Wow, I completely deserted my journal. Lol. School has been difficult lately and I've been working hours on a Revit Building Information Modeling project that makes me want to throw my computer! But this week I got some terracotta pots and a small betta silk plant for Sir Arthur's tank and he seems really happy with his new decor! I also got nail art stuff. I'm obsessed with painting my nails, its very soothing to me. I always mess them up too quickly but oh well. I have to clean my apartment since my parents and sister are visiting me this weekend. My sister has always been a huge fan of any fish I've had and she can't wait to meet Sir Arthur. I got him to flare the other day and got a couple pictures and was super happy with the results! I didn't have him flare for too long though, I was worried about stressing him out too much.

It's funny, he would stress out over a reflection, and here I am stressing out about college, tests, projects, cleaning, and so many other things. Can I trade places? LOL. Here's a couple pictures of Sir Arthur that I took. I'm actually going to try to use this journal and keep up with it so hopefully I can do that! Bye for now to anyone out there who might be reading this!


----------



## Shortnsweet (Sep 16, 2015)

Hello again to anyone reading this! (not sure if anyone is, if you are leave a comment haha).
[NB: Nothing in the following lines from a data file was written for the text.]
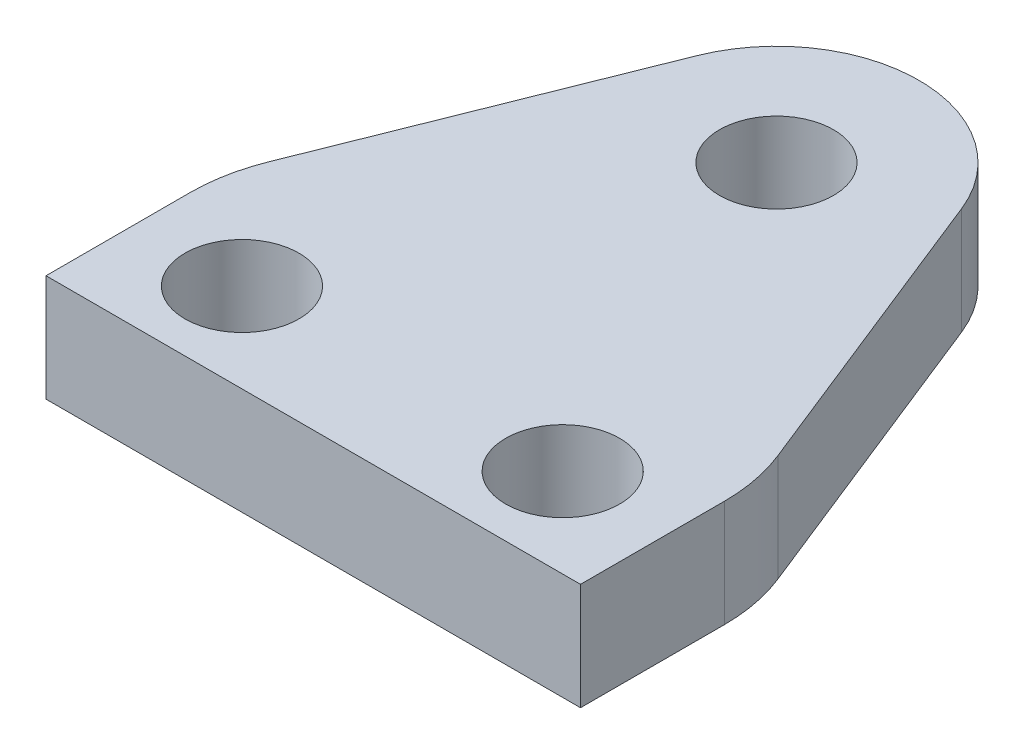
ISO-10303-21;
HEADER;
FILE_DESCRIPTION(('STEP AP214'),'2;1');
FILE_NAME('part.step','',(''),(''),'','','');
FILE_SCHEMA(('AUTOMOTIVE_DESIGN { 1 0 10303 214 1 1 1 1 }'));
ENDSEC;
DATA;
#1=APPLICATION_CONTEXT('core data for automotive mechanical design processes');
#2=APPLICATION_PROTOCOL_DEFINITION('international standard','automotive_design',2000,#1);
#3=PRODUCT_CONTEXT('',#1,'mechanical');
#4=PRODUCT('Part','Part','',(#3));
#5=PRODUCT_RELATED_PRODUCT_CATEGORY('part','',(#4));
#6=PRODUCT_DEFINITION_FORMATION('','',#4);
#7=PRODUCT_DEFINITION_CONTEXT('part definition',#1,'design');
#8=PRODUCT_DEFINITION('design','',#6,#7);
#9=PRODUCT_DEFINITION_SHAPE('','',#8);
#10=(LENGTH_UNIT() NAMED_UNIT(*) SI_UNIT(.MILLI.,.METRE.));
#11=(NAMED_UNIT(*) PLANE_ANGLE_UNIT() SI_UNIT($,.RADIAN.));
#12=(NAMED_UNIT(*) SI_UNIT($,.STERADIAN.) SOLID_ANGLE_UNIT());
#13=UNCERTAINTY_MEASURE_WITH_UNIT(LENGTH_MEASURE(1.E-05),#10,'distance_accuracy_value','');
#14=(GEOMETRIC_REPRESENTATION_CONTEXT(3) GLOBAL_UNCERTAINTY_ASSIGNED_CONTEXT((#13)) GLOBAL_UNIT_ASSIGNED_CONTEXT((#10,
#11,#12)) REPRESENTATION_CONTEXT('',''));
#15=CARTESIAN_POINT('',(0.,0.,0.));
#16=DIRECTION('',(0.,0.,1.));
#17=DIRECTION('',(1.,0.,0.));
#18=AXIS2_PLACEMENT_3D('',#15,#16,#17);
#19=CARTESIAN_POINT('',(14.6601361854482,3.,-5.85148471663463));
#20=DIRECTION('',(0.92875103057504,0.,-0.3707040911641));
#21=DIRECTION('',(-0.3707040911641,0.,-0.92875103057504));
#22=AXIS2_PLACEMENT_3D('',#19,#20,#21);
#23=PLANE('',#22);
#24=DIRECTION('',(0.3707040911641,0.,0.92875103057504));
#25=VECTOR('',#24,1.);
#26=CARTESIAN_POINT('',(14.6601361854482,3.,-5.85148471663463));
#27=LINE('',#26,#25);
#28=CARTESIAN_POINT('',(11.2150041223002,3.,-14.4828163646564));
#29=VERTEX_POINT('',#28);
#30=CARTESIAN_POINT('',(14.6437551528752,3.,-5.8925252695896));
#31=VERTEX_POINT('',#30);
#32=EDGE_CURVE('E115',#29,#31,#27,.T.);
#33=ORIENTED_EDGE('',*,*,#32,.T.);
#34=DIRECTION('',(0.,-1.,0.));
#35=VECTOR('',#34,1.);
#36=CARTESIAN_POINT('',(14.6437551528752,0.,-5.8925252695896));
#37=LINE('',#36,#35);
#38=CARTESIAN_POINT('',(14.6437551528752,0.,-5.8925252695896));
#39=VERTEX_POINT('',#38);
#40=EDGE_CURVE('E123',#31,#39,#37,.T.);
#41=ORIENTED_EDGE('',*,*,#40,.T.);
#42=DIRECTION('',(0.3707040911641,0.,0.92875103057504));
#43=VECTOR('',#42,1.);
#44=CARTESIAN_POINT('',(14.6601361854482,0.,-5.85148471663463));
#45=LINE('',#44,#43);
#46=CARTESIAN_POINT('',(11.2150041223002,0.,-14.4828163646564));
#47=VERTEX_POINT('',#46);
#48=EDGE_CURVE('E118',#47,#39,#45,.T.);
#49=ORIENTED_EDGE('',*,*,#48,.F.);
#50=DIRECTION('',(0.,-1.,0.));
#51=VECTOR('',#50,1.);
#52=CARTESIAN_POINT('',(11.2150041223002,3.,-14.4828163646564));
#53=LINE('',#52,#51);
#54=EDGE_CURVE('E111',#29,#47,#53,.T.);
#55=ORIENTED_EDGE('',*,*,#54,.F.);
#56=EDGE_LOOP('',(#33,#41,#49,#55));
#57=FACE_BOUND('',#56,.T.);
#58=ADVANCED_FACE('F45',(#57),#23,.T.);
#59=CARTESIAN_POINT('',(7.5,3.,-13.));
#60=DIRECTION('',(0.,-1.,0.));
#61=DIRECTION('',(0.,0.,-1.));
#62=AXIS2_PLACEMENT_3D('',#59,#60,#61);
#63=CYLINDRICAL_SURFACE('',#62,4.);
#64=CARTESIAN_POINT('',(7.5,0.,-13.));
#65=DIRECTION('',(0.,1.,0.));
#66=DIRECTION('',(0.,0.,1.));
#67=AXIS2_PLACEMENT_3D('',#64,#65,#66);
#68=CIRCLE('',#67,4.);
#69=CARTESIAN_POINT('',(3.78499587769984,0.,-14.4828163646564));
#70=VERTEX_POINT('',#69);
#71=EDGE_CURVE('E173',#47,#70,#68,.T.);
#72=ORIENTED_EDGE('',*,*,#71,.T.);
#73=DIRECTION('',(0.,-1.,0.));
#74=VECTOR('',#73,1.);
#75=CARTESIAN_POINT('',(3.78499587769984,3.,-14.4828163646564));
#76=LINE('',#75,#74);
#77=CARTESIAN_POINT('',(3.78499587769984,3.,-14.4828163646564));
#78=VERTEX_POINT('',#77);
#79=EDGE_CURVE('E124',#78,#70,#76,.T.);
#80=ORIENTED_EDGE('',*,*,#79,.F.);
#81=CARTESIAN_POINT('',(7.5,3.,-13.));
#82=DIRECTION('',(0.,1.,0.));
#83=DIRECTION('',(0.,0.,1.));
#84=AXIS2_PLACEMENT_3D('',#81,#82,#83);
#85=CIRCLE('',#84,4.);
#86=EDGE_CURVE('E128',#29,#78,#85,.T.);
#87=ORIENTED_EDGE('',*,*,#86,.F.);
#88=ORIENTED_EDGE('',*,*,#54,.T.);
#89=EDGE_LOOP('',(#72,#80,#87,#88));
#90=FACE_BOUND('',#89,.T.);
#91=ADVANCED_FACE('F129',(#90),#63,.T.);
#92=CARTESIAN_POINT('',(-1.72145903353521,3.,-0.687107616029006));
#93=DIRECTION('',(-0.92875103057504,0.,-0.3707040911641));
#94=DIRECTION('',(-0.3707040911641,0.,0.92875103057504));
#95=AXIS2_PLACEMENT_3D('',#92,#93,#94);
#96=PLANE('',#95);
#97=DIRECTION('',(0.3707040911641,0.,-0.92875103057504));
#98=VECTOR('',#97,1.);
#99=CARTESIAN_POINT('',(-1.72145903353521,0.,-0.687107616029006));
#100=LINE('',#99,#98);
#101=CARTESIAN_POINT('',(0.3562448471248,0.,-5.8925252695896));
#102=VERTEX_POINT('',#101);
#103=EDGE_CURVE('E176',#102,#70,#100,.T.);
#104=ORIENTED_EDGE('',*,*,#103,.F.);
#105=DIRECTION('',(0.,-1.,0.));
#106=VECTOR('',#105,1.);
#107=CARTESIAN_POINT('',(0.3562448471248,3.,-5.8925252695896));
#108=LINE('',#107,#106);
#109=CARTESIAN_POINT('',(0.3562448471248,3.,-5.8925252695896));
#110=VERTEX_POINT('',#109);
#111=EDGE_CURVE('E11',#102,#110,#108,.F.);
#112=ORIENTED_EDGE('',*,*,#111,.T.);
#113=DIRECTION('',(0.3707040911641,0.,-0.92875103057504));
#114=VECTOR('',#113,1.);
#115=CARTESIAN_POINT('',(-1.72145903353521,3.,-0.687107616029006));
#116=LINE('',#115,#114);
#117=EDGE_CURVE('E132',#110,#78,#116,.T.);
#118=ORIENTED_EDGE('',*,*,#117,.T.);
#119=ORIENTED_EDGE('',*,*,#79,.T.);
#120=EDGE_LOOP('',(#104,#112,#118,#119));
#121=FACE_BOUND('',#120,.T.);
#122=ADVANCED_FACE('F241',(#121),#96,.T.);
#123=CARTESIAN_POINT('',(0.,3.,0.));
#124=DIRECTION('',(-1.,0.,0.));
#125=DIRECTION('',(0.,0.,1.));
#126=AXIS2_PLACEMENT_3D('',#123,#124,#125);
#127=PLANE('',#126);
#128=DIRECTION('',(0.,0.,-1.));
#129=VECTOR('',#128,1.);
#130=CARTESIAN_POINT('',(0.,3.,0.));
#131=LINE('',#130,#129);
#132=CARTESIAN_POINT('',(0.,3.,0.));
#133=VERTEX_POINT('',#132);
#134=CARTESIAN_POINT('',(0.,3.,-4.0390048137691));
#135=VERTEX_POINT('',#134);
#136=EDGE_CURVE('E149',#133,#135,#131,.T.);
#137=ORIENTED_EDGE('',*,*,#136,.T.);
#138=DIRECTION('',(0.,-1.,0.));
#139=VECTOR('',#138,1.);
#140=CARTESIAN_POINT('',(0.,3.,-4.0390048137691));
#141=LINE('',#140,#139);
#142=CARTESIAN_POINT('',(0.,0.,-4.0390048137691));
#143=VERTEX_POINT('',#142);
#144=EDGE_CURVE('E54',#135,#143,#141,.T.);
#145=ORIENTED_EDGE('',*,*,#144,.T.);
#146=DIRECTION('',(0.,0.,-1.));
#147=VECTOR('',#146,1.);
#148=CARTESIAN_POINT('',(0.,0.,0.));
#149=LINE('',#148,#147);
#150=CARTESIAN_POINT('',(0.,0.,0.));
#151=VERTEX_POINT('',#150);
#152=EDGE_CURVE('E179',#151,#143,#149,.T.);
#153=ORIENTED_EDGE('',*,*,#152,.F.);
#154=DIRECTION('',(0.,-1.,0.));
#155=VECTOR('',#154,1.);
#156=CARTESIAN_POINT('',(0.,3.,0.));
#157=LINE('',#156,#155);
#158=EDGE_CURVE('E200',#133,#151,#157,.T.);
#159=ORIENTED_EDGE('',*,*,#158,.F.);
#160=EDGE_LOOP('',(#137,#145,#153,#159));
#161=FACE_BOUND('',#160,.T.);
#162=ADVANCED_FACE('F224',(#161),#127,.T.);
#163=CARTESIAN_POINT('',(0.,3.,0.));
#164=DIRECTION('',(0.,0.,-1.));
#165=DIRECTION('',(-1.,0.,0.));
#166=AXIS2_PLACEMENT_3D('',#163,#164,#165);
#167=PLANE('',#166);
#168=DIRECTION('',(1.,0.,0.));
#169=VECTOR('',#168,1.);
#170=CARTESIAN_POINT('',(0.,0.,0.));
#171=LINE('',#170,#169);
#172=CARTESIAN_POINT('',(15.,0.,0.));
#173=VERTEX_POINT('',#172);
#174=EDGE_CURVE('E183',#151,#173,#171,.T.);
#175=ORIENTED_EDGE('',*,*,#174,.T.);
#176=DIRECTION('',(0.,-1.,0.));
#177=VECTOR('',#176,1.);
#178=CARTESIAN_POINT('',(15.,3.,0.));
#179=LINE('',#178,#177);
#180=CARTESIAN_POINT('',(15.,3.,0.));
#181=VERTEX_POINT('',#180);
#182=EDGE_CURVE('E170',#181,#173,#179,.T.);
#183=ORIENTED_EDGE('',*,*,#182,.F.);
#184=DIRECTION('',(1.,0.,0.));
#185=VECTOR('',#184,1.);
#186=CARTESIAN_POINT('',(0.,3.,0.));
#187=LINE('',#186,#185);
#188=EDGE_CURVE('E152',#133,#181,#187,.T.);
#189=ORIENTED_EDGE('',*,*,#188,.F.);
#190=ORIENTED_EDGE('',*,*,#158,.T.);
#191=EDGE_LOOP('',(#175,#183,#189,#190));
#192=FACE_BOUND('',#191,.T.);
#193=ADVANCED_FACE('F233',(#192),#167,.F.);
#194=CARTESIAN_POINT('',(3.,3.,-2.5));
#195=DIRECTION('',(0.,-1.,0.));
#196=DIRECTION('',(0.,0.,-1.));
#197=AXIS2_PLACEMENT_3D('',#194,#195,#196);
#198=CYLINDRICAL_SURFACE('',#197,1.6);
#199=CARTESIAN_POINT('',(3.,3.,-2.5));
#200=DIRECTION('',(0.,1.,0.));
#201=DIRECTION('',(0.,0.,1.));
#202=AXIS2_PLACEMENT_3D('',#199,#200,#201);
#203=CIRCLE('',#202,1.6);
#204=CARTESIAN_POINT('',(3.,3.,-0.9));
#205=VERTEX_POINT('',#204);
#206=EDGE_CURVE('E162',#205,#205,#203,.T.);
#207=ORIENTED_EDGE('',*,*,#206,.T.);
#208=EDGE_LOOP('',(#207));
#209=FACE_BOUND('',#208,.T.);
#210=CARTESIAN_POINT('',(3.,0.,-2.5));
#211=DIRECTION('',(0.,1.,0.));
#212=DIRECTION('',(0.,0.,1.));
#213=AXIS2_PLACEMENT_3D('',#210,#211,#212);
#214=CIRCLE('',#213,1.6);
#215=CARTESIAN_POINT('',(3.,0.,-0.9));
#216=VERTEX_POINT('',#215);
#217=EDGE_CURVE('E144',#216,#216,#214,.T.);
#218=ORIENTED_EDGE('',*,*,#217,.F.);
#219=EDGE_LOOP('',(#218));
#220=FACE_BOUND('',#219,.T.);
#221=ADVANCED_FACE('F259',(#209,#220),#198,.F.);
#222=CARTESIAN_POINT('',(12.,3.,-2.5));
#223=DIRECTION('',(0.,-1.,0.));
#224=DIRECTION('',(0.,0.,-1.));
#225=AXIS2_PLACEMENT_3D('',#222,#223,#224);
#226=CYLINDRICAL_SURFACE('',#225,1.6);
#227=CARTESIAN_POINT('',(12.,3.,-2.5));
#228=DIRECTION('',(0.,1.,0.));
#229=DIRECTION('',(0.,0.,1.));
#230=AXIS2_PLACEMENT_3D('',#227,#228,#229);
#231=CIRCLE('',#230,1.6);
#232=CARTESIAN_POINT('',(12.,3.,-0.899999999999998));
#233=VERTEX_POINT('',#232);
#234=EDGE_CURVE('E158',#233,#233,#231,.T.);
#235=ORIENTED_EDGE('',*,*,#234,.T.);
#236=EDGE_LOOP('',(#235));
#237=FACE_BOUND('',#236,.T.);
#238=CARTESIAN_POINT('',(12.,0.,-2.5));
#239=DIRECTION('',(0.,1.,0.));
#240=DIRECTION('',(0.,0.,1.));
#241=AXIS2_PLACEMENT_3D('',#238,#239,#240);
#242=CIRCLE('',#241,1.6);
#243=CARTESIAN_POINT('',(12.,0.,-0.899999999999998));
#244=VERTEX_POINT('',#243);
#245=EDGE_CURVE('E190',#244,#244,#242,.T.);
#246=ORIENTED_EDGE('',*,*,#245,.F.);
#247=EDGE_LOOP('',(#246));
#248=FACE_BOUND('',#247,.T.);
#249=ADVANCED_FACE('F263',(#237,#248),#226,.F.);
#250=CARTESIAN_POINT('',(15.,3.,0.));
#251=DIRECTION('',(-1.,0.,0.));
#252=DIRECTION('',(0.,0.,1.));
#253=AXIS2_PLACEMENT_3D('',#250,#251,#252);
#254=PLANE('',#253);
#255=DIRECTION('',(0.,0.,-1.));
#256=VECTOR('',#255,1.);
#257=CARTESIAN_POINT('',(15.,0.,0.));
#258=LINE('',#257,#256);
#259=CARTESIAN_POINT('',(15.,0.,-4.0390048137691));
#260=VERTEX_POINT('',#259);
#261=EDGE_CURVE('E186',#173,#260,#258,.T.);
#262=ORIENTED_EDGE('',*,*,#261,.T.);
#263=DIRECTION('',(0.,-1.,0.));
#264=VECTOR('',#263,1.);
#265=CARTESIAN_POINT('',(15.,3.,-4.0390048137691));
#266=LINE('',#265,#264);
#267=CARTESIAN_POINT('',(15.,3.,-4.0390048137691));
#268=VERTEX_POINT('',#267);
#269=EDGE_CURVE('E213',#260,#268,#266,.F.);
#270=ORIENTED_EDGE('',*,*,#269,.T.);
#271=DIRECTION('',(0.,0.,-1.));
#272=VECTOR('',#271,1.);
#273=CARTESIAN_POINT('',(15.,3.,0.));
#274=LINE('',#273,#272);
#275=EDGE_CURVE('E155',#181,#268,#274,.T.);
#276=ORIENTED_EDGE('',*,*,#275,.F.);
#277=ORIENTED_EDGE('',*,*,#182,.T.);
#278=EDGE_LOOP('',(#262,#270,#276,#277));
#279=FACE_BOUND('',#278,.T.);
#280=ADVANCED_FACE('F237',(#279),#254,.F.);
#281=CARTESIAN_POINT('',(7.5,3.,-13.));
#282=DIRECTION('',(0.,-1.,0.));
#283=DIRECTION('',(0.,0.,-1.));
#284=AXIS2_PLACEMENT_3D('',#281,#282,#283);
#285=CYLINDRICAL_SURFACE('',#284,1.6);
#286=CARTESIAN_POINT('',(7.5,3.,-13.));
#287=DIRECTION('',(0.,1.,0.));
#288=DIRECTION('',(0.,0.,1.));
#289=AXIS2_PLACEMENT_3D('',#286,#287,#288);
#290=CIRCLE('',#289,1.6);
#291=CARTESIAN_POINT('',(7.5,3.,-11.4));
#292=VERTEX_POINT('',#291);
#293=EDGE_CURVE('E166',#292,#292,#290,.T.);
#294=ORIENTED_EDGE('',*,*,#293,.T.);
#295=EDGE_LOOP('',(#294));
#296=FACE_BOUND('',#295,.T.);
#297=CARTESIAN_POINT('',(7.5,0.,-13.));
#298=DIRECTION('',(0.,1.,0.));
#299=DIRECTION('',(0.,0.,1.));
#300=AXIS2_PLACEMENT_3D('',#297,#298,#299);
#301=CIRCLE('',#300,1.6);
#302=CARTESIAN_POINT('',(7.5,0.,-11.4));
#303=VERTEX_POINT('',#302);
#304=EDGE_CURVE('E140',#303,#303,#301,.T.);
#305=ORIENTED_EDGE('',*,*,#304,.F.);
#306=EDGE_LOOP('',(#305));
#307=FACE_BOUND('',#306,.T.);
#308=ADVANCED_FACE('F262',(#296,#307),#285,.F.);
#309=CARTESIAN_POINT('',(0.,3.,0.));
#310=DIRECTION('',(0.,1.,0.));
#311=DIRECTION('',(0.,0.,1.));
#312=AXIS2_PLACEMENT_3D('',#309,#310,#311);
#313=PLANE('',#312);
#314=ORIENTED_EDGE('',*,*,#275,.T.);
#315=CARTESIAN_POINT('',(10.,3.,-4.0390048137691));
#316=DIRECTION('',(0.,1.,0.));
#317=DIRECTION('',(0.,0.,1.));
#318=AXIS2_PLACEMENT_3D('',#315,#316,#317);
#319=CIRCLE('',#318,5.);
#320=EDGE_CURVE('E138',#268,#31,#319,.T.);
#321=ORIENTED_EDGE('',*,*,#320,.T.);
#322=ORIENTED_EDGE('',*,*,#32,.F.);
#323=ORIENTED_EDGE('',*,*,#86,.T.);
#324=ORIENTED_EDGE('',*,*,#117,.F.);
#325=CARTESIAN_POINT('',(5.,3.,-4.0390048137691));
#326=DIRECTION('',(0.,1.,0.));
#327=DIRECTION('',(0.,0.,1.));
#328=AXIS2_PLACEMENT_3D('',#325,#326,#327);
#329=CIRCLE('',#328,5.);
#330=EDGE_CURVE('E61',#110,#135,#329,.T.);
#331=ORIENTED_EDGE('',*,*,#330,.T.);
#332=ORIENTED_EDGE('',*,*,#136,.F.);
#333=ORIENTED_EDGE('',*,*,#188,.T.);
#334=EDGE_LOOP('',(#314,#321,#322,#323,#324,#331,#332,#333));
#335=FACE_BOUND('',#334,.T.);
#336=ORIENTED_EDGE('',*,*,#234,.F.);
#337=EDGE_LOOP('',(#336));
#338=FACE_BOUND('',#337,.T.);
#339=ORIENTED_EDGE('',*,*,#206,.F.);
#340=EDGE_LOOP('',(#339));
#341=FACE_BOUND('',#340,.T.);
#342=ORIENTED_EDGE('',*,*,#293,.F.);
#343=EDGE_LOOP('',(#342));
#344=FACE_BOUND('',#343,.T.);
#345=ADVANCED_FACE('F135',(#335,#338,#341,#344),#313,.T.);
#346=CARTESIAN_POINT('',(0.,0.,0.));
#347=DIRECTION('',(0.,1.,0.));
#348=DIRECTION('',(0.,0.,1.));
#349=AXIS2_PLACEMENT_3D('',#346,#347,#348);
#350=PLANE('',#349);
#351=ORIENTED_EDGE('',*,*,#48,.T.);
#352=CARTESIAN_POINT('',(10.,0.,-4.0390048137691));
#353=DIRECTION('',(0.,1.,0.));
#354=DIRECTION('',(0.,0.,1.));
#355=AXIS2_PLACEMENT_3D('',#352,#353,#354);
#356=CIRCLE('',#355,5.);
#357=EDGE_CURVE('E210',#39,#260,#356,.F.);
#358=ORIENTED_EDGE('',*,*,#357,.T.);
#359=ORIENTED_EDGE('',*,*,#261,.F.);
#360=ORIENTED_EDGE('',*,*,#174,.F.);
#361=ORIENTED_EDGE('',*,*,#152,.T.);
#362=CARTESIAN_POINT('',(5.,0.,-4.0390048137691));
#363=DIRECTION('',(0.,1.,0.));
#364=DIRECTION('',(0.,0.,1.));
#365=AXIS2_PLACEMENT_3D('',#362,#363,#364);
#366=CIRCLE('',#365,5.);
#367=EDGE_CURVE('E207',#143,#102,#366,.F.);
#368=ORIENTED_EDGE('',*,*,#367,.T.);
#369=ORIENTED_EDGE('',*,*,#103,.T.);
#370=ORIENTED_EDGE('',*,*,#71,.F.);
#371=EDGE_LOOP('',(#351,#358,#359,#360,#361,#368,#369,#370));
#372=FACE_BOUND('',#371,.T.);
#373=ORIENTED_EDGE('',*,*,#245,.T.);
#374=EDGE_LOOP('',(#373));
#375=FACE_BOUND('',#374,.T.);
#376=ORIENTED_EDGE('',*,*,#217,.T.);
#377=EDGE_LOOP('',(#376));
#378=FACE_BOUND('',#377,.T.);
#379=ORIENTED_EDGE('',*,*,#304,.T.);
#380=EDGE_LOOP('',(#379));
#381=FACE_BOUND('',#380,.T.);
#382=ADVANCED_FACE('F228',(#372,#375,#378,#381),#350,.F.);
#383=CARTESIAN_POINT('',(10.,3.,-4.0390048137691));
#384=DIRECTION('',(0.,1.,0.));
#385=DIRECTION('',(0.,0.,1.));
#386=AXIS2_PLACEMENT_3D('',#383,#384,#385);
#387=CYLINDRICAL_SURFACE('',#386,5.);
#388=ORIENTED_EDGE('',*,*,#320,.F.);
#389=ORIENTED_EDGE('',*,*,#269,.F.);
#390=ORIENTED_EDGE('',*,*,#357,.F.);
#391=ORIENTED_EDGE('',*,*,#40,.F.);
#392=EDGE_LOOP('',(#388,#389,#390,#391));
#393=FACE_BOUND('',#392,.T.);
#394=ADVANCED_FACE('F240',(#393),#387,.T.);
#395=CARTESIAN_POINT('',(5.,3.,-4.0390048137691));
#396=DIRECTION('',(0.,-1.,0.));
#397=DIRECTION('',(0.,0.,-1.));
#398=AXIS2_PLACEMENT_3D('',#395,#396,#397);
#399=CYLINDRICAL_SURFACE('',#398,5.);
#400=ORIENTED_EDGE('',*,*,#330,.F.);
#401=ORIENTED_EDGE('',*,*,#111,.F.);
#402=ORIENTED_EDGE('',*,*,#367,.F.);
#403=ORIENTED_EDGE('',*,*,#144,.F.);
#404=EDGE_LOOP('',(#400,#401,#402,#403));
#405=FACE_BOUND('',#404,.T.);
#406=ADVANCED_FACE('F47',(#405),#399,.T.);
#407=CLOSED_SHELL('',(#58,#91,#122,#162,#193,#221,#249,#280,#308,#345,#382,#394,#406));
#408=MANIFOLD_SOLID_BREP('B2',#407);
#409=ADVANCED_BREP_SHAPE_REPRESENTATION('',(#18,#408),#14);
#410=SHAPE_DEFINITION_REPRESENTATION(#9,#409);
ENDSEC;
END-ISO-10303-21;

I've been wanting to get another betta for a while. I need to find out if I have space in my room to put another tank! I would really like to get a 10 gallon and divide it or try a sorority. I am actually in a sorority at my school called "Pi Beta Phi." My roommate, who is also in my sorority, said it would be funny if I called my sorority tank Pi Betta Phish!  The good thing is my roommates are okay with me putting a tank in the living room, which could be an option. If I don't get a 10 gallon, then I think I will get another 2.5 gallon or a 5 gallon. Maybe I'll start working on a Christmas list and ask for a nice tank! Sir Arthur has been using his terracotta pot cave more, and its so cute to see him hanging out in there! I haven't been able to get a picture of him in there since he gets SUPER excited when I walk over to his tank and he starts swimming around and blowing bubbles. Speaking of bubbles, his bubble nest has gotten huge! Last water change I did, I accidentally disturbed his bubble nest and felt bad. I'm glad to see he's moved on from this little destruction and rebuilt it! (Too bad he has a water change coming up today... sorry buddy!). I have a calculus test this week and am starting to feel nervous. Engineering calculus is awful! Luckily I have a good study buddy on my desk cheering me on! I have had issues with testing anxiety in the past and am hoping I can get over this. I have accommodations to take my exams in a small or private testing room due to my ADD. Last year, my calculus exams were at 7:30 at night and it was terrible! I couldn't focus as well that late at night and was unable to take them earlier, sadly. I had to withdraw from that class and retake the first half of calculus over the summer at community college. My professor this year is a lot more understanding, and is letting me take my exam on Wednesday morning at 8:30. It's pretty early, but I figure that I'd rather take my exam early in the morning than late at night, when I have all day to worry about my test and build up my anxiety. Well, I'm off to a brunch with my family who visited this weekend, so bye for now journal!


----------



## Shortnsweet (Sep 16, 2015)

So I've been procrastinating studying for my calculus exam, oops! I made a list on Amazon for my sorority needs (if I do start a sorority). I found a nice 10 gallon tank set for a decent price with LED lights and an adjustable filter, meaning I could slow the flow! I decided that I'd want my sorority to be live planted, and added root tabs and substrate on my list. I also added test kits and a larger siphon, since I just use a turkey baster for cleaning my 2.5 gallon tank. My birthday is right after Christmas (on January 3rd!) so I normally get money from relatives from Christmas and my birthday and would be able to afford all of my wish list items for my sorority tank! I should probably go study now since I told myself 1:30, then 1:45, and now 2:00. Time to study! 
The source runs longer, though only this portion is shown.